▶ [Material provided]:
────────────────────
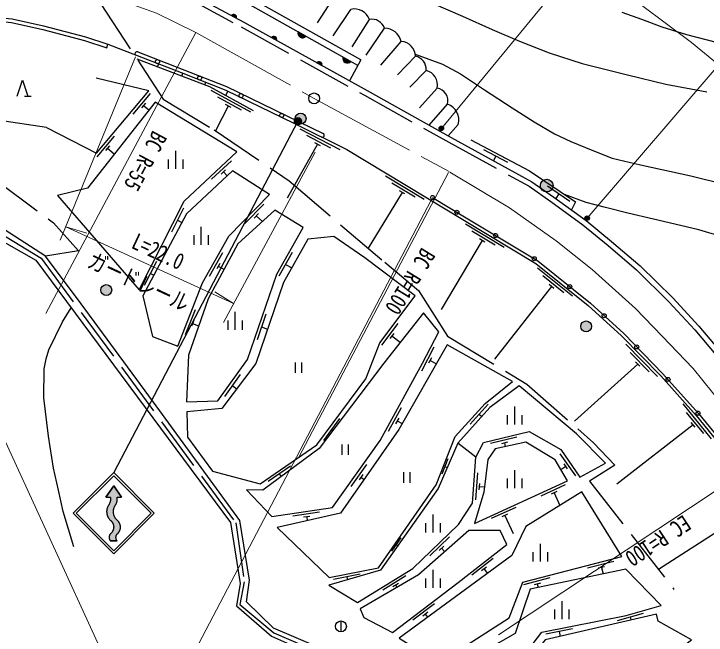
# Model space of a CAD drawing. Units: millimetres at full size, sheet at 1:1000; details may follow other scales. Extents: x 40000 to 680000, y 20000 to 380000.
# Drawn here: x 420836 to 497518, y 245389 to 314216 of the extents above; entities that cross this region are included whole.
import ezdxf
from ezdxf.enums import TextEntityAlignment as Align

# ---------------------------------------------------------------- set-up
doc = ezdxf.new("R2010")
doc.units = ezdxf.units.MM
doc.header["$LTSCALE"] = 1000
doc.linetypes.add('CHAIN', pattern=[18.5, 12, -1.5, 3.5, -1.5])
doc.linetypes.add('DASHED', pattern=[7.5, 6, -1.5])
for name, color, linetype, lineweight in [('M-BGD', 7, 'Continuous', 25), ('M-BMK', 2, 'CHAIN', 13), ('M-BMK-ROW', 30, 'DASHED', 25), ('M-BMK-SRVR', 3, 'Continuous', 25), ('M-STR-HTXT', 7, 'Continuous', 13), ('M-STR-STRC', 7, 'Continuous', 25)]:
    doc.layers.add(name, color=color, linetype=linetype, lineweight=lineweight)
doc.styles.add('ＭＳ ゴシック', font='')
doc.styles.get('ＭＳ ゴシック').set_extended_font_data('MS Gothic')

msp = doc.modelspace()

# ---------------------------------------------------------------- hatches: boundary and pattern name
at = {"layer": 'M-BGD'}
for points in [[(445496, 313738), (444946, 314036, -0.84072)], [(453191, 311735, -0.82183), (452327, 312220)], [(449932, 311285), (449385, 311589, -0.84072)], [(458157, 308943, -0.82183), (457294, 309429)], [(454952, 308498), (454405, 308802, -0.84072)], [(451997, 302606, -1), (453197, 302606, -0.41421), (452597, 302006, -0.41421)], [(480566, 295190, -0.41421), (479866, 294490, -0.41421), (479166, 295190, -1)], [(430475, 283618, -1), (431675, 283618, -0.41421), (431075, 283018, -0.41421)], [(483623, 279591, -1), (484823, 279591, -0.41421), (484223, 278991, -0.41421)]]:
    msp.add_hatch(color=256, dxfattribs=at).paths.add_polyline_path(points)
at = {"layer": 'M-STR-STRC'}
for points in [[(451969, 302116, -1), (452644, 302546, -0.41421), (452521, 301993, -0.41421)], [(468440, 301554, -0.41421), (468212, 301283, -0.41421), (467942, 301511, -1)], [(484580, 291596, -1), (484081, 291562, -1)], [(431867, 259044), (431867, 259095), (431868, 259146), (431872, 259197), (431878, 259248), (431886, 259299), (431896, 259349), (431908, 259399), (431922, 259448), (431938, 259497), (431955, 259545), (431975, 259593), (431996, 259639), (432019, 259685), (432044, 259730), (432071, 259774), (432082, 259790), (432108, 259829), (432132, 259869), (432154, 259911), (432175, 259953), (432195, 259995), (432212, 260039), (432228, 260083), (432242, 260128), (432254, 260173), (432265, 260218), (432274, 260265), (432281, 260311), (432286, 260358), (432289, 260404), (432291, 260451), (432290, 260498), (432288, 260545), (432284, 260592), (432278, 260638), (432270, 260684), (432269, 260690), (432769, 260690), (431894, 261940), (431019, 260690), (431519, 260690), (431527, 260643), (431533, 260597), (431538, 260550), (431540, 260503), (431541, 260456), (431539, 260410), (431536, 260363), (431531, 260316), (431525, 260270), (431516, 260224), (431506, 260178), (431494, 260133), (431480, 260088), (431464, 260044), (431447, 260000), (431428, 259957), (431407, 259915), (431384, 259874), (431360, 259834), (431335, 259795), (431332, 259790), (431304, 259747), (431279, 259702), (431255, 259657), (431233, 259611), (431213, 259564), (431194, 259516), (431178, 259467), (431163, 259418), (431151, 259368), (431140, 259318), (431131, 259268), (431124, 259217), (431120, 259166), (431117, 259115), (431116, 259063), (431118, 259012), (431121, 258961), (431126, 258910), (431134, 258859), (431143, 258809), (431154, 258759), (431168, 258709), (431183, 258660), (431200, 258612), (431219, 258564), (431240, 258517), (431262, 258471), (431287, 258426), (431313, 258382), (431341, 258339), (431371, 258297), (431402, 258257), (431435, 258217), (431469, 258179), (431505, 258143), (431519, 258128), (431549, 258105), (431577, 258080), (431605, 258054), (431631, 258027), (431657, 257999), (431681, 257970), (431704, 257940), (431726, 257910), (431747, 257878), (431766, 257846), (431785, 257813), (431801, 257779), (431817, 257744), (431831, 257709), (431844, 257674), (431855, 257638), (431865, 257601), (431874, 257564), (431881, 257527), (431886, 257490), (431891, 257452), (431893, 257415), (431894, 257377), (431894, 257339), (431892, 257301), (431889, 257264), (431884, 257226), (431878, 257189), (431870, 257152), (431861, 257115), (431851, 257079), (431839, 257043), (431825, 257008), (431811, 256973), (431794, 256939), (431777, 256906), (431758, 256873), (431738, 256841), (431717, 256809), (431695, 256779), (431671, 256750), (431646, 256721), (431620, 256694), (431593, 256667), (431565, 256642), (431536, 256617), (431519, 256604), (431505, 256583), (431491, 256561), (431478, 256539), (431466, 256517), (431455, 256494), (431445, 256471), (431436, 256447), (431427, 256423), (431420, 256398), (431413, 256374), (431408, 256349), (431404, 256324), (431400, 256298), (431398, 256273), (431396, 256248), (431396, 256222), (431396, 256197), (431398, 256171), (431400, 256146), (431404, 256121), (431408, 256095), (431414, 256071), (431420, 256046), (431428, 256022), (431436, 255997), (431445, 255974), (431456, 255950), (431467, 255927), (431479, 255905), (431492, 255883), (431505, 255862), (431519, 255842), (432269, 255842), (432248, 255871), (432223, 255912), (432201, 255956), (432182, 256001), (432167, 256047), (432156, 256094), (432149, 256142), (432145, 256190), (432145, 256239), (432149, 256287), (432157, 256335), (432168, 256382), (432183, 256429), (432202, 256473), (432224, 256517), (432249, 256558), (432270, 256586), (432299, 256610), (432328, 256636), (432356, 256662), (432383, 256690), (432408, 256719), (432433, 256749), (432456, 256779), (432478, 256811), (432499, 256843), (432519, 256876), (432537, 256910), (432554, 256945), (432569, 256980), (432583, 257016), (432596, 257053), (432607, 257090), (432617, 257127), (432625, 257164), (432632, 257202), (432637, 257240), (432641, 257279), (432644, 257317), (432644, 257356), (432644, 257394), (432641, 257433), (432638, 257471), (432632, 257509), (432626, 257547), (432618, 257585), (432608, 257622), (432597, 257659), (432584, 257696), (432570, 257731), (432555, 257767), (432538, 257801), (432520, 257835), (432500, 257869), (432480, 257901), (432458, 257933), (432434, 257964), (432410, 257993), (432384, 258022), (432358, 258050), (432330, 258077), (432301, 258102), (432271, 258127), (432269, 258129), (432232, 258165), (432197, 258203), (432164, 258242), (432132, 258282), (432102, 258324), (432074, 258366), (432047, 258410), (432022, 258454), (431998, 258500), (431977, 258547), (431957, 258594), (431939, 258642), (431923, 258691), (431909, 258740), (431897, 258790), (431887, 258840), (431879, 258891), (431873, 258942), (431869, 258993)]]:
    msp.add_hatch(color=256, dxfattribs=at).paths.add_polyline_path(points)

# ---------------------------------------------------------------- linework, layer by layer
at = {"layer": 'M-BGD'}
for p, q in [((459281, 309115), (443555, 317954)), ((458938, 308504), (443212, 317344)), ((454465, 313230), (456101, 315730)), ((456214, 311790), (458156, 314708)), ((444946, 314036), (445496, 313738)), ((458312, 310547), (460227, 313605)), ((453191, 311735), (452327, 312220)), ((459878, 309621), (461890, 312623)), ((449385, 311589), (449932, 311285)), ((431127, 310459), (431251, 310839)), ((461501, 308532), (463738, 311157)), ((458157, 308943), (457294, 309429)), ((459281, 309115), (457999, 306806)), ((463347, 307467), (465318, 309520)), ((436757, 308346), (436884, 308676)), ((454405, 308802), (454952, 308498)), ((439436, 307323), (439563, 307644)), ((464704, 306097), (466493, 307954)), ((441989, 306348), (442103, 306635)), ((465753, 303816), (467723, 305994)), ((435944, 305408), (434010, 303114)), ((447074, 303324), (442681, 305711)), ((444306, 305170), (444538, 305649)), ((422003, 305083), (422756, 305083)), ((446053, 303538), (443417, 304970)), ((435432, 304335), (434981, 303800)), ((435206, 304067), (435805, 303567)), ((444591, 303990), (443172, 301257)), ((444899, 303823), (444284, 304158)), ((466825, 301891), (468870, 304203)), ((456975, 299148), (452540, 301456)), ((468957, 300702), (470059, 301966)), ((431948, 300667), (430014, 298374)), ((455949, 299344), (453288, 300729)), ((454791, 299609), (454170, 299932)), ((431436, 299595), (430985, 299060)), ((431210, 299327), (431963, 298693)), ((454480, 299770), (451118, 293783)), ((475541, 297742), (472890, 299146)), ((438778, 297041), (438778, 299034)), ((474215, 298444), (473957, 297958)), ((437978, 297041), (437978, 298087)), ((439578, 297041), (439578, 298087)), ((444931, 297940), (442738, 295893)), ((444295, 296936), (443784, 296458)), ((444040, 296697), (444446, 296263)), ((466294, 293664), (462015, 296250)), ((465283, 293924), (462716, 295476)), ((464144, 294262), (463545, 294624)), ((482433, 293441), (479940, 295110)), ((463844, 294443), (460098, 288244)), ((481187, 294276), (480852, 293775)), ((448520, 293129), (446432, 290975)), ((439640, 292694), (438284, 290018)), ((447935, 292095), (447448, 291592)), ((447691, 291843), (448360, 291195)), ((438962, 291356), (439460, 291104)), ((441598, 288639), (441598, 290631)), ((475156, 288327), (470869, 290901)), ((474144, 288585), (471572, 290129)), ((440798, 288639), (440798, 289684)), ((442398, 288639), (442398, 289684)), ((472704, 289099), (468159, 281477)), ((473004, 288919), (472404, 289280)), ((443957, 287724), (442483, 285111)), ((451652, 287762), (450172, 285152)), ((436645, 286786), (435289, 284111)), ((443654, 286575), (443310, 285965)), ((443482, 286270), (444113, 285914)), ((450912, 286457), (451609, 286066)), ((482715, 282925), (478821, 286061)), ((435967, 285448), (436346, 285256)), ((481748, 283319), (479411, 285201)), ((480391, 284026), (474081, 275954)), ((480664, 283807), (480119, 284246)), ((440903, 281435), (439809, 278641)), ((445358, 279199), (445358, 281192)), ((448755, 280947), (447784, 278109)), ((440763, 280255), (440508, 279603)), ((440635, 279929), (441302, 279668)), ((444558, 279199), (444558, 280244)), ((446158, 279199), (446158, 280244)), ((463367, 279914), (461564, 277516)), ((448269, 279528), (448935, 279299)), ((462916, 278814), (462495, 278255)), ((462705, 278535), (463636, 277834)), ((492114, 274054), (488622, 277633)), ((467353, 277287), (465978, 274621)), ((467092, 276127), (466771, 275505)), ((491201, 274560), (489106, 276708)), ((451994, 275606), (451994, 274432)), ((452694, 275606), (452694, 274432)), ((466932, 275816), (467634, 275454)), ((489938, 275424), (482951, 269077)), ((490183, 275174), (489694, 275675)), ((445900, 274267), (444160, 271824)), ((445030, 273046), (445529, 272684)), ((473387, 270979), (471366, 268762)), ((476328, 268732), (476328, 270725)), ((498116, 267136), (494954, 271009)), ((463749, 270582), (462311, 267949)), ((497251, 267721), (495354, 270045)), ((456918, 269373), (455128, 266966)), ((463461, 269429), (463126, 268815)), ((472377, 269870), (472667, 269605)), ((475528, 268732), (475528, 269777)), ((477128, 268732), (477128, 269777)), ((463293, 269122), (463845, 268821)), ((496070, 268693), (487615, 262111)), ((496291, 268422), (495849, 268964)), ((456023, 268169), (456159, 268067)), ((476560, 267325), (473645, 266614)), ((457153, 266524), (457153, 265350)), ((457853, 266524), (457853, 265350)), ((472016, 265100), (469999, 266657)), ((475513, 266761), (474833, 266595)), ((475173, 266678), (475274, 266263)), ((483074, 263022), (481364, 265487)), ((468904, 264905), (468248, 263229)), ((451474, 264104), (449006, 262398)), ((459898, 264286), (458160, 261841)), ((468576, 264067), (468827, 263958)), ((481973, 264083), (481437, 263712)), ((482172, 263796), (481773, 264371)), ((450240, 263251), (450441, 262960)), ((459476, 263175), (459071, 262605)), ((463994, 263437), (463994, 262263)), ((464694, 263437), (464694, 262263)), ((472189, 263366), (471967, 260374)), ((476328, 261680), (476328, 263673)), ((459273, 262890), (459631, 262641)), ((475528, 261680), (475528, 262726)), ((477128, 261680), (477128, 262726)), ((472403, 262197), (472351, 261499)), ((472377, 261848), (472948, 261806)), ((481916, 262055), (479189, 260804)), ((480996, 261303), (480360, 261011)), ((480678, 261157), (481314, 259758)), ((476448, 259546), (473722, 258294)), ((502815, 259444), (492225, 252660)), ((454709, 259010), (451742, 258569)), ((453616, 258544), (452924, 258442)), ((453270, 258493), (453334, 258059)), ((467280, 256746), (467280, 258738)), ((475528, 258793), (474892, 258501)), ((475210, 258647), (476130, 256643)), ((466480, 256746), (466480, 257791)), ((468080, 256746), (468080, 257791)), ((463706, 256159), (462677, 254682)), ((469080, 256264), (466917, 254186)), ((463191, 255420), (463356, 255305)), ((479170, 253531), (479170, 255523)), ((468458, 255251), (467954, 254766)), ((468206, 255009), (468570, 254630)), ((473929, 253872), (471560, 252032)), ((478370, 253531), (478370, 254576)), ((479970, 253531), (479970, 254576)), ((487290, 253543), (484384, 252797)), ((467280, 250615), (467280, 252608)), ((473205, 252930), (472652, 252501)), ((472929, 252715), (473304, 252232)), ((486251, 252967), (485573, 252793)), ((485912, 252880), (486094, 252170)), ((459192, 252145), (456248, 251567)), ((457720, 251856), (457788, 251512)), ((464251, 251954), (461695, 250384)), ((466480, 250615), (466480, 251660)), ((468080, 250615), (468080, 251660)), ((480193, 251721), (477287, 250975)), ((463428, 251096), (462832, 250730)), ((463130, 250913), (463271, 250670)), ((479154, 251144), (478476, 250970)), ((478815, 251057), (478917, 250660)), ((467423, 248857), (465038, 247037)), ((481563, 247176), (481563, 249168)), ((466691, 247921), (466134, 247497)), ((466413, 247709), (466677, 247362)), ((480763, 247176), (480763, 248221)), ((482363, 247176), (482363, 248221)), ((490529, 247792), (487644, 246969)), ((457065, 246959), (457065, 245759)), ((489086, 247380), (489174, 247071)), ((482708, 246090), (479765, 245509)), ((481237, 245800), (481344, 245257))]:
    msp.add_line(p, q, dxfattribs=at)
at = {"layer": 'M-BGD', "linetype": 'DASHED'}
for p, q in [((435787, 305688), (429652, 307158)), ((424436, 301636), (417539, 302661))]:
    msp.add_line(p, q, dxfattribs=at)
at = {"layer": 'M-BGD'}
for points in [[(420245, 321740), (420979, 324228), (426000, 322715), (431738, 320507), (436637, 318353), (440104, 316660), (446315, 313294), (459962, 305716), (469292, 300515), (478224, 295619), (480646, 293924), (484231, 291333), (487049, 289011), (490222, 286289), (493814, 282745), (496709, 279607), (500124, 275546), (503973, 270486), (507604, 265299), (511640, 259614), (516079, 252675)], [(467283, 315347), (470536, 313953), (473820, 312493), (476851, 311180), (480124, 309888), (483801, 308716), (488811, 307444), (493041, 306409), (497587, 305561)], [(488184, 314404), (490339, 313629), (492594, 312767), (495351, 311934), (498610, 311081), (502000, 310349), (505576, 309703), (508678, 309243), (512470, 308497), (516119, 307486), (518906, 306594), (521220, 305592), (523534, 304408), (525210, 303206), (526977, 301640), (528453, 300365), (530408, 298226), (532466, 295895), (534470, 293564), (536110, 291415), (537643, 289404), (538791, 287655)], [(399397, 311921), (403636, 313084), (408759, 313841), (413588, 314160), (416793, 314007), (420645, 313647), (424130, 312870), (428774, 311651), (431251, 310839)], [(399535, 311547), (403719, 312692), (408802, 313442), (413592, 313759), (416765, 313608), (420583, 313251), (424036, 312481), (428661, 311268), (431127, 310459)], [(431251, 310839), (439356, 307726), (444325, 305753), (451836, 302105), (457707, 299204), (470746, 291324), (478671, 286568), (484464, 281902), (488156, 278541), (492481, 274106), (496406, 269704), (500100, 265180), (502221, 262039), (506002, 256137), (510243, 249081)], [(434556, 310008), (444404, 306181), (455093, 300973)], [(434467, 309221), (442490, 306157), (447331, 303526)], [(465297, 309764), (468323, 308649), (470318, 307561), (472966, 305810), (476031, 303796), (478450, 302247), (480713, 300939), (482541, 300069), (484956, 299095), (487123, 298246), (490250, 297499), (495829, 296268), (499541, 295353)], [(483134, 232389), (470694, 236910), (459394, 241993), (449596, 246146), (446606, 249092), (446946, 251462), (445870, 258108), (436302, 271206), (428278, 282077), (424333, 287382), (419222, 290650), (400347, 302876), (397495, 306961), (394439, 307385)], [(421216, 305083), (421798, 306865), (422381, 305083)], [(391175, 305802), (391604, 305068), (396394, 304587), (399216, 300579), (423285, 286911), (444833, 257866), (445901, 251116), (445510, 248636), (449386, 245267), (465997, 237884), (482103, 231755)], [(424436, 301636), (429978, 298796), (435787, 305688)], [(471456, 300245), (477935, 296813), (483062, 293382), (482596, 292515)], [(467213, 293868), (470926, 291624), (478871, 286855), (484692, 282168), (488399, 278793), (492737, 274345), (496672, 269932), (500381, 265389), (502514, 262232), (506300, 256321), (510543, 249262)], [(499192, 289537), (496708, 290279), (494057, 290912), (491680, 291488), (488828, 292122), (486379, 292756), (484225, 293320), (481836, 294202)], [(427491, 255166), (426282, 259077), (425790, 261458), (425231, 263894), (424686, 267421), (424153, 271665), (424207, 274900), (424433, 275990), (424699, 276987), (426215, 280103), (427179, 281662)]]:
    msp.add_lwpolyline(points, dxfattribs=at)
at = {"layer": 'M-BGD', "linetype": 'DASHED'}
for points in [[(421383, 323479), (425805, 322147), (431509, 319952), (436384, 317809), (439829, 316127), (446026, 312768), (459670, 305192), (469002, 299990), (477906, 295109), (480298, 293435), (483865, 290858), (486663, 288551), (489815, 285847), (493383, 282328), (496258, 279211), (499655, 275171), (503488, 270132), (507114, 264953), (511143, 259279), (515568, 252360)], [(397495, 306961), (410199, 300412), (418608, 295988), (425241, 291054), (427986, 287947), (424333, 287382)]]:
    msp.add_lwpolyline(points, dxfattribs=at)
at = {"layer": 'M-BGD'}
for points in [[(434719, 283649), (439692, 293459), (445541, 298920), (436473, 304414), (428984, 294914), (425681, 294077)], [(438997, 277390), (441750, 284421), (444658, 289577), (449136, 294195), (445046, 296824), (439978, 292075), (435134, 282980), (436212, 278480)], [(439944, 271244), (443448, 271342), (446726, 275943), (449955, 285378), (452884, 290542), (449752, 292456), (445650, 288741), (442342, 282654), (440165, 276402)], [(448127, 262156), (454400, 266489), (459821, 273779), (461391, 277785), (465305, 282987), (459728, 287184), (456275, 289539), (453396, 289251), (450715, 284471), (447622, 275479), (443889, 270493), (440007, 270119), (440088, 267327), (442856, 263537)], [(446618, 261503), (449425, 258528), (456146, 259527), (461423, 266948), (466106, 275524), (467902, 279005), (466208, 281097), (461814, 275522), (454651, 266079), (448415, 261459)], [(449998, 257309), (455751, 251775), (461217, 252849), (467624, 262045), (469717, 267398), (473051, 271056), (476079, 273488), (468821, 277532), (463468, 268161), (457021, 258887)], [(458888, 249012), (465016, 252776), (470081, 257642), (471639, 259998), (472016, 265100), (472843, 266727), (477926, 267967), (481408, 265951), (483524, 262899), (486377, 264424), (483148, 267691), (476815, 273024), (473566, 270598), (469999, 266657), (467819, 261638), (461435, 252579), (455740, 250914)], [(471865, 257772), (482151, 262493), (480787, 264823), (477559, 266763), (474151, 266017), (473340, 264848), (472876, 261246)], [(467951, 242314), (475698, 247302), (477216, 251266), (488190, 254084), (483762, 261267), (477543, 257433), (476011, 254222), (463524, 245045)], [(462783, 245694), (470051, 251240), (475428, 255416), (474711, 256996), (471246, 256996), (465659, 252055), (459190, 248304), (459617, 247349)], [(473580, 236550), (476736, 240598), (477497, 243373), (479321, 245727), (488653, 247569), (492528, 248674), (488629, 252703), (478024, 250472), (476367, 245584), (469035, 241409), (472159, 237390)], [(474294, 236371), (481938, 234322), (495877, 244884), (492190, 246948), (492012, 247729), (479688, 244873), (478262, 243089), (477590, 240518)]]:
    msp.add_lwpolyline(points, close=True, dxfattribs=at)
for centre, radius in [((436746, 308915), 225), ((441406, 307104), 225), ((446005, 305151), 225), ((450499, 302961), 225), ((452597, 302606), 600), ((479866, 295190), 700), ((467213, 293868), 225), ((469907, 292240), 225), ((474192, 289664), 225), ((478479, 287091), 225), ((431075, 283618), 600), ((482409, 284006), 225), ((486222, 280775), 225), ((484223, 279591), 600), ((489835, 277321), 225), ((493298, 273716), 225), ((496626, 269984), 225), ((457065, 246359), 600)]:
    msp.add_circle(centre, radius, dxfattribs=at)
for centre, radius, start, end in [((458559, 312969), 1785, 20.86425, 103.0413), ((445195, 313839), 318, 341.43247, 141.65021), ((460488, 312147), 1481, 18.75515, 100.16009), ((452807, 312063), 505, 161.82903, 319.48722), ((461885, 310720), 1903, 13.27586, 89.839), ((449632, 311389), 318, 340.8487, 141.06643), ((463660, 309501), 1658, 0.64278, 87.32863), ((434474, 309798), 225, 68.76373, 248.76373), ((457773, 309271), 505, 161.82903, 319.48722), ((465023, 308074), 1475, 355.3093, 78.47117), ((454652, 308602), 318, 340.8487, 141.06643), ((466107, 306345), 1654, 347.75092, 76.49341), ((467455, 304560), 1459, 345.84963, 79.39849), ((468303, 302468), 1826, 344.04288, 71.91424), ((454994, 300771), 225, 244.02389, 64.02389)]:
    msp.add_arc(centre, radius, start, end, dxfattribs=at)
at = {"layer": 'M-BMK'}
msp.add_lwpolyline([(420279, 318594), (425547, 317703), (430967, 316338), (436628, 314283), (440990, 312137), (454095, 304849), (469136, 296687), (475737, 292712), (480896, 289073), (484902, 285893), (489703, 281593), (492645, 278493), (496069, 274916), (500445, 269484), (503869, 264908), (507294, 259980), (512819, 250668)], dxfattribs=at)
at = {"layer": 'M-BMK-ROW'}
for points in [[(417759, 317961), (422918, 317359), (429490, 315679), (430439, 315352), (437384, 304780), (443017, 301363), (451318, 295719), (461916, 286697), (465674, 283587), (468880, 278498), (477656, 273189), (485053, 266687), (487388, 264206), (484602, 262463), (493952, 250440)], [(390605, 312246), (393110, 306195), (397116, 305844), (399771, 301562), (423868, 287164), (445417, 257834), (446341, 251283), (445883, 248793), (449623, 245640), (474761, 234924), (482652, 232093)]]:
    msp.add_lwpolyline(points, dxfattribs=at)
at = {"layer": 'M-BMK-SRVR'}
msp.add_circle((454095, 304849), 600, dxfattribs=at)
at = {"layer": 'M-STR-HTXT'}
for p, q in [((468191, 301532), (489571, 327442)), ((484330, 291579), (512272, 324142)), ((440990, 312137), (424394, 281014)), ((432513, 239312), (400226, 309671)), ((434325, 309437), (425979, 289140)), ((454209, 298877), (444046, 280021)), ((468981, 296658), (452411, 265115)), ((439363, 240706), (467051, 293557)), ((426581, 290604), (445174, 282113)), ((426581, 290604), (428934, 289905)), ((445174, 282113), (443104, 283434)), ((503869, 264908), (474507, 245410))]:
────────────────────
▶ [About this exercise]:
Report each line of the listing above that uses the word "color".

▶ [Response to the exercise]:
for name, color, linetype, lineweight in [('M-BGD', 7, 'Continuous', 25), ('M-BMK', 2, 'CHAIN', 13), ('M-BMK-ROW', 30, 'DASHED', 25), ('M-BMK-SRVR', 3, 'Continuous', 25), ('M-STR-HTXT', 7, 'Continuous', 13), ('M-STR-STRC', 7, 'Continuous', 25)]:
    doc.layers.add(name, color=color, linetype=linetype, lineweight=lineweight)
    msp.add_hatch(color=256, dxfattribs=at).paths.add_polyline_path(points)
    msp.add_hatch(color=256, dxfattribs=at).paths.add_polyline_path(points)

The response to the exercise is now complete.